The complaint, filed
in 2001 by attorney Lilla Farkas as part of a joint strategic litigation
project undertaken by the Legal Defence Bureau for National and Ethnic
Minorities (NEKI) and the European Roma Rights Center (ERRC), was based
on the school psychologists' assessment that rather than being afforded
additional support for their learning difficulties, it was "in
the children's own best interest" to be placed in a special class
for the mentally deficient, disregarding their age, pedagogical and
psychological authority, and ultimately even the prescribed legal procedure.
Moreover, following
their segregation, the plaintiffs, otherwise pupils with normal IQs,
were taught by an unqualified student teacher and bullied by their peers
as "retarded", thus further adding to their stigmatisation.
In its judgement
of 7 October 2003, the Budapest Metropolitan City Court of Appeals concluded
that the segregation of the plaintiffs by the school and the local authorities
was in breach of the Hungarian Public Education Act.
It also stressed
that as a result of this practice the plaintiffs have suffered and will
continue to suffer profound psychological harm.

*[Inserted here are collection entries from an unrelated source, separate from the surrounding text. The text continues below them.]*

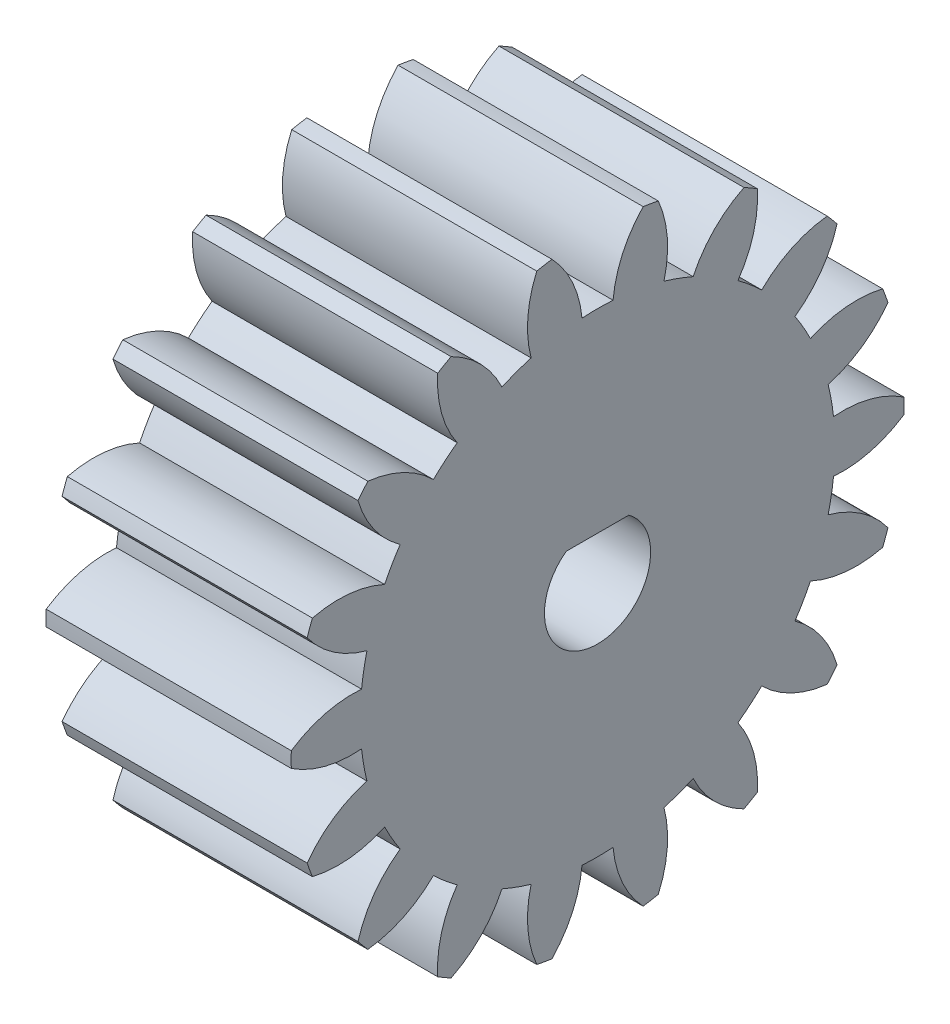
SolidWorks part; units mm, degrees
ref_plane "Plane1" through (0, 0, 0) normal (0, 0, 1) x (1, 0, 0)
ref_plane "Plane2" through (0, 0, 0) normal (0, 1, 0) x (1, 0, 0)
ref_plane "Plane3" through (0, 0, 0) normal (1, 0, 0) x (0, 0, -1)
other "Configuration Table"
sketch "HoldingSke" plane through (0, 0, 0) normal (0, 1, 0) x (1, 0, 0)
  line L0 (0, 0) -> (0.634, -0.206)
  line L1 (-15, 0) -> (100, 0) construction
  line L2 (0, 0) -> (-2.1039, 2.3779)
  line L3 (0, 0) -> (-11.863, 4.5341)
  line L4 (0, 0) -> (8.2133, 2.6687)
  line L5 (0, 0) -> (-46.8476, -17.4728)
  line L6 (0, 0) -> (-9.9476, -6.7116)
  line L7 (-2.1039, 2.3779) -> (8.6586, 51.2059)
  line L8 (-76.2, 54.61) -> (-75.3, 54.61)
  line L9 (-71.009, 38.7566) -> (-53.1078, 45.2721)
  line L10 (-76.2, 71.12) -> (104.1128, 71.12)
  line L11 (0, 0) -> (-12, 0)
  line L12 (-76.2, 101.6) -> (-76.147, 101.6)
  line L13 (24.9733, 27.94) -> (52.9518, 28.4284)
  line L14 (24.9733, 27.94) -> (24.9743, 27.94)
  line L15 (24.9733, 27.94) -> (100.4006, 29.5858)
  line L16 (-63.627, -1.5) -> (-12.827, -1.5)
  circle A0 centre (0, 0) radius 2.5
  circle A1 centre (0, 0) radius 11.624
  circle A2 centre (0, 0) radius 37.5
  circle A3 centre (0, 0) radius 2.5
  dimension "MHD" = 23.248
  dimension "Hub_dia" = 75
  dimension "Bore" = 5
  dimension "MBD" = 5
  dimension "Num_teeth" = 18
  dimension "Pitch" = 0.6667
  dimension "Overall_len" = 50
  dimension "Show_teeth" = 18
  dimension "Thickness" = 12
  dimension "OAL" = 50.0001
  dimension "T_dim" = 0.9
  dimension "Ap" = 20
  dimension "H" = 19.05
  dimension "Pitch_radius" = 180.3128
  dimension "Width" = 12
  dimension "Backlash" = 0.053
  dimension "Addendum_fac" = 1
  dimension "Dedendum_fac" = 1.25
  dimension "Clearance_fac" = 0.25
  dimension "Dedendum_add" = 0.001
  dimension "Module" = 1.5
sketch "BasProSke" plane through (0, 0, 0) normal (0, 1, 0) x (1, 0, 0)
  line L0 (-10, 0) -> (60, 0) construction
  line L1 (0, 0) -> (0, 15)
  line L2 (0, 0) -> (12, 0)
  line L3 (12, 0) -> (12, 15)
  line L4 (12, 15) -> (0, 15)
  dimension "Thickness" = 12
  dimension "Diameter" = 30
revolve "Base-Revolve" add sketch "BasProSke" angle 360 about L0
sketch "TooCutSke" plane through (0, 0, 0) normal (1, 0, 0) x (0, 0, -1)
  line L1 (0, 0) -> (0, 107) construction
  line L2 (0, 0) -> (-1.2693, 13.4402) construction
  line L3 (0, 0) -> (-4.6734, 26.504) construction
  line L4 (-1.2693, 13.4402) -> (-2.3367, 13.252) construction
  arc A0 (0.76, 11.5991) -> (-0.76, 11.5991) centre (0, 0) ccw
  arc A1 (2.2542, 14.8553) -> (-2.2542, 14.8553) centre (0, 0) ccw
  circle A2 centre (0, 0) radius 13.5 construction
  circle A3 centre (0, 0) radius 12.6859 construction
  arc A4 (-0.76, 11.5991) -> (-2.2542, 14.8553) centre (-6.1371, 11.1026) ccw
  arc A5 (2.2542, 14.8553) -> (0.76, 11.5991) centre (6.1371, 11.1026) ccw
  dimension "Root_dia" = 23.248
  dimension "Overcut_dia" = 30.0508
  dimension "Pitch_dia" = 27
  dimension "Base_dia" = 25.3717
  dimension "Flank_rad" = 5.4
  dimension "Half_ang" = 10
  dimension "Half_CT" = 1.0839
extrude "ToothCut" cut sketch "TooCutSke" along normal through all
fillet "Breaks" [suppressed] radius 0.03
fillet "RootFillets" [suppressed] radius 0.376
pattern_circular "TeethCuts" count 18 every 20 about axis through (-10, 0, 0) along (1, 0, 0) of "ToothCut", "RootFillets", "Breaks"
sketch "HubNeaOneSke" plane through (0, 0, 0) normal (-1, 0, 0) x (0, 0, 1)
  circle A0 centre (0, 0) radius 11.624
  dimension "Diameter" = 23.248
extrude "HubNearOne" [suppressed] add sketch "HubNeaOneSke" along normal blind 38.0001
sketch "HubNeaBotSke" plane through (0, 0, 0) normal (-1, 0, 0) x (0, 0, 1)
  circle A0 centre (0, 0) radius 11.624
  dimension "Diameter" = 23.248
extrude "HubNearBoth" [suppressed] add sketch "HubNeaBotSke" along normal blind 19
ref_plane "FarPln" through (12, 0, 0) normal (1, 0, 0) x (0, 0, -1)
sketch "HubFarSke" plane through (12, 0, 0) normal (1, 0, 0) x (0, 0, -1)
  circle A0 centre (0, 0) radius 11.624
  dimension "Diameter" = 23.248
extrude "HubFar" [suppressed] add sketch "HubFarSke" along normal blind 19
sketch "BorSke" plane through (0, 0, 0) normal (1, 0, 0) x (0, 0, -1)
  circle A0 centre (0, 0) radius 2.5
  dimension "Diameter" = 5
extrude "Bore" cut sketch "BorSke" along normal mid plane 100.0001
sketch "KeySke" plane through (0, 0, 0) normal (1, 0, 0) x (0, 0, -1)
  line L0 (-1, 0) -> (-1, 3.4)
  line L1 (-1, 3.4) -> (1, 3.4)
  line L2 (1, 3.4) -> (1, 0)
  line L3 (0, 0) -> (0, 34) construction
  line L4 (-1, 0) -> (1, 0)
  dimension "Offset" = 3.4
  dimension "Width" = 2
extrude "Keyway" [suppressed] cut sketch "KeySke" along normal mid plane 100.0001
pattern_circular "Keyway2" [suppressed] count 2 every 90 about axis through (-10, 0, 0) along (1, 0, 0)
sketch "草圖1" plane through (12, 0, 0) normal (1, 0, 0) x (0, 0, -1)
  circle A0 centre (0, 0) radius 2.6
  dimension "D1" = 5.2
extrude "除料-伸長1" cut sketch "草圖1" against normal through all
sketch "草圖2" plane through (12, 0, 0) normal (1, 0, 0) x (0, 0, -1)
  line L1 (0, 2.1) -> (1.533, 2.1)
  line L2 (0, 2.1) -> (-1.533, 2.1)
  arc A0 (1.533, 2.1) -> (-1.533, 2.1) centre (0, 0) ccw
  dimension "D2" = 5.2
extrude "填料-伸長2" add sketch "草圖2" against normal through all
equation "' \"Module@HoldingSke\" = 6.35"
equation "' \"Num_teeth@HoldingSke\" = 12"
equation "' \"Ap@HoldingSke\" =  20"
equation "' \"Ap@HoldingSke\" = 20"
equation "' \"Width@HoldingSke\" = 0.5 * 25.4"
equation "' \"Hub_dia@HoldingSke\"= 1 * 25.4"
equation "' \"Hub_dia@HoldingSke\" = 1 * 25.4"
equation "' \"Overall_len@HoldingSke\" = 1.0 * 25.4"
equation "' \"Bore@HoldingSke\" = 0.75 * 25.4"
equation "' \"T_dim@HoldingSke\" = 0.1 * 25.4"
equation "' \"Width@KeySke\" = 0.25 * 25.4"
equation "' \"Show_teeth@HoldingSke\" = 13"
equation "' \"Backlash@HoldingSke\" = 0.009 * 25.4"
equation "' \"Addendum_fac@HoldingSke\" = 1.0"
equation "' \"Dedendum_fac@HoldingSke\" = 1.25"
equation "' \"Dedendum_add@HoldingSke\" = 0.00005 * 25.4"
equation "' \"Clearance_fac@HoldingSke\" = 0.25"
equation "\"Pitch@HoldingSke\" = 1 / \"Module@HoldingSke\""
equation "\"Overcut_dia@TooCutSke\" = (\"Num_teeth@HoldingSke\" + 2 * \"Addendum_fac@HoldingSke\") / \"Pitch@HoldingSke\" + 0.002 * 25.4"
equation "\"Pitch_dia@TooCutSke\" = \"Num_teeth@HoldingSke\" / \"Pitch@HoldingSke\""
equation "\"Base_dia@TooCutSke\" = \"Num_teeth@HoldingSke\" / \"Pitch@HoldingSke\" * cos((\"Ap@HoldingSke\"  * 3.14159265 / 180))"
equation "\"Root_dia@TooCutSke\" = (\"Num_teeth@HoldingSke\" + 2) / \"Pitch@HoldingSke\" - 2 * (\"Addendum_fac@HoldingSke\" + \"Dedendum_fac@HoldingSke\") / \"Pitch@HoldingSke\" - \"Dedendum_add@HoldingSke\" * 2"
equation "\"Half_ang@TooCutSke\" = 180 / \"Num_teeth@HoldingSke\""
equation "\"Half_CT@TooCutSke\" = \"Num_teeth@HoldingSke\" / \"Pitch@HoldingSke\" * sin((3.14159265 / 2 / \"Num_teeth@HoldingSke\")) / 2 - 7 * \"Backlash@HoldingSke\" / 4"
equation "\"Flank_rad@TooCutSke\" = \"Num_teeth@HoldingSke\" / \"Pitch@HoldingSke\" / 5"
equation "\"Radius@RootFillets\" = \"Clearance_fac@HoldingSke\" / \"Pitch@HoldingSke\" + \"Dedendum_add@HoldingSke\""
equation "\"Break_rad@Breaks\" = 0.02 / \"Pitch@HoldingSke\""
equation "\"Thickness@HoldingSke\" = \"Width@HoldingSke\""
equation "\"OAL@HoldingSke\" = \"Thickness@HoldingSke\""
equation "\"MHD@HoldingSke\" = (\"Num_teeth@HoldingSke\" + 2) / \"Pitch@HoldingSke\" - 2 * (\"Addendum_fac@HoldingSke\" + \"Dedendum_fac@HoldingSke\")  / \"Pitch@HoldingSke\" - \"Dedendum_add@HoldingSke\" * 2"
equation "\"MBD@HoldingSke\" = (\"Num_teeth@HoldingSke\" + 2) / \"Pitch@HoldingSke\" - 2 * (\"Addendum_fac@HoldingSke\" + \"Dedendum_fac@HoldingSke\")  / \"Pitch@HoldingSke\" - \"Dedendum_add@HoldingSke\" * 2 - 0.002 * 25.4"
equation "\"MHD@HoldingSke\" = ((sgn( \"MHD@HoldingSke\" - \"Hub_dia@HoldingSke\" )-1)*( \"MHD@HoldingSke\" - \"Hub_dia@HoldingSke\" ))/-2+ \"Hub_dia@HoldingSke\""
equation "\"MBD@HoldingSke\" = ((sgn( \"MBD@HoldingSke\" - \"Bore@HoldingSke\" )-1)*( \"MBD@HoldingSke\" - \"Bore@HoldingSke\" ))/-2+ \"Bore@HoldingSke\""
equation "\"OAL@HoldingSke\" = ((sgn( \"OAL@HoldingSke\" - \"Overall_len@HoldingSke\" )+1)*( \"OAL@HoldingSke\" - \"Overall_len@HoldingSke\" ))/2 + \"Overall_len@HoldingSke\" + 0.000002 * 25.4"
equation "\"Num_teeth@TeethCuts\" = int( \"Show_teeth@HoldingSke\" ) + 1"
equation "\"Num_teeth@TeethCuts\" = ((sgn( \"Num_teeth@TeethCuts\" - \"Num_teeth@HoldingSke\" )-1)*( \"Num_teeth@TeethCuts\" - \"Num_teeth@HoldingSke\" ))/-2+ \"Num_teeth@HoldingSke\""
equation "\"Num_teeth@TeethCuts\" = ((sgn( \"Num_teeth@TeethCuts\" - 2.0)+1)*( \"Num_teeth@TeethCuts\" - 2.0))/2 +2.0"
equation "\"Angle@TeethCuts\" = 360.0 / \"Num_teeth@HoldingSke\""
equation "\"Diameter@BasProSke\" = (\"Num_teeth@HoldingSke\" + 2 * \"Addendum_fac@HoldingSke\") / \"Pitch@HoldingSke\""
equation "\"Thickness@BasProSke\"  = \"Thickness@HoldingSke\""
equation "' \"Fillet_rad@BasProSke\" =  \"Thickness@HoldingSke\" * 0.05"
equation "' \"Fillet_rad@BasProSke\" = \"Thickness@HoldingSke\" * 0.05"
equation "\"MHD@HoldingSke\" = ((sgn( \"MHD@HoldingSke\" - \"Root_dia@TooCutSke\" )-1)*( \"MHD@HoldingSke\" - \"Root_dia@TooCutSke\" ))/-2+ \"Root_dia@TooCutSke\""
equation "\"Diameter@HubNeaOneSke\" = \"MHD@HoldingSke\""
equation "\"Length@HubNearOne\" = \"OAL@HoldingSke\" - \"Thickness@BasProSke\""
equation "\"Diameter@HubNeaBotSke\" = \"MHD@HoldingSke\""
equation "\"Length@HubNearBoth\" = ( \"OAL@HoldingSke\" - \"Thickness@BasProSke\" ) / 2.0"
equation "\"Thickness@FarPln\" = \"Thickness@BasProSke\""
equation "\"Diameter@HubFarSke\" = \"MHD@HoldingSke\""
equation "\"Length@HubFar\" = ( \"OAL@HoldingSke\" - \"Thickness@BasProSke\" ) / 2.0"
equation "\"Diameter@BorSke\" = \"MBD@HoldingSke\""
equation "\"D1@Bore\" = \"OAL@HoldingSke\" * 2.0"
equation "\"D1@Keyway\" = \"OAL@HoldingSke\" * 2.0"
equation "\"Offset@KeySke\" = \"T_dim@HoldingSke\" + \"MBD@HoldingSke\" / 2.0"

In addition, the court
held that the school had clearly failed to recognise and address the
plaintiffs' learning difficulties and had instead chosen to administer
an inferior curriculum which has jeopardised their future development.
The court pointed
out that on completing their studies the plaintiffs will suffer additional
disadvantage in terms of diminished chances for further education as
well as with regard to their employment opportunities compared to their
peers schooled on the basis of the regular curriculum.
Finally, the court
concluded that the local authorities of Tiszatarján and Hejõkürt,
in their capacity as funders and supervisors of the school in question,
did not secure and maintain its lawful operation and held that this
in and of itself amounts to major negligence.
NEKI and the ERRC
welcome the ruling of the Budapest Metropolitan City Court of Appeals
as a crucial precedent establishing that segregation and stigmatisation
of children with learning difficulties is both morally unacceptable
legally untenable.
Throughout Europe,
pupils of Romani origin suffer racial discrimination in education. Their
overwhelmingly disproportionate placement in special schools or special
classes for the mentally deficient, or in other forms of substandard,
stigmatising schooling arrangements, can have no reasonable and objective
justification.
Source:
The European Roma Rights Centre.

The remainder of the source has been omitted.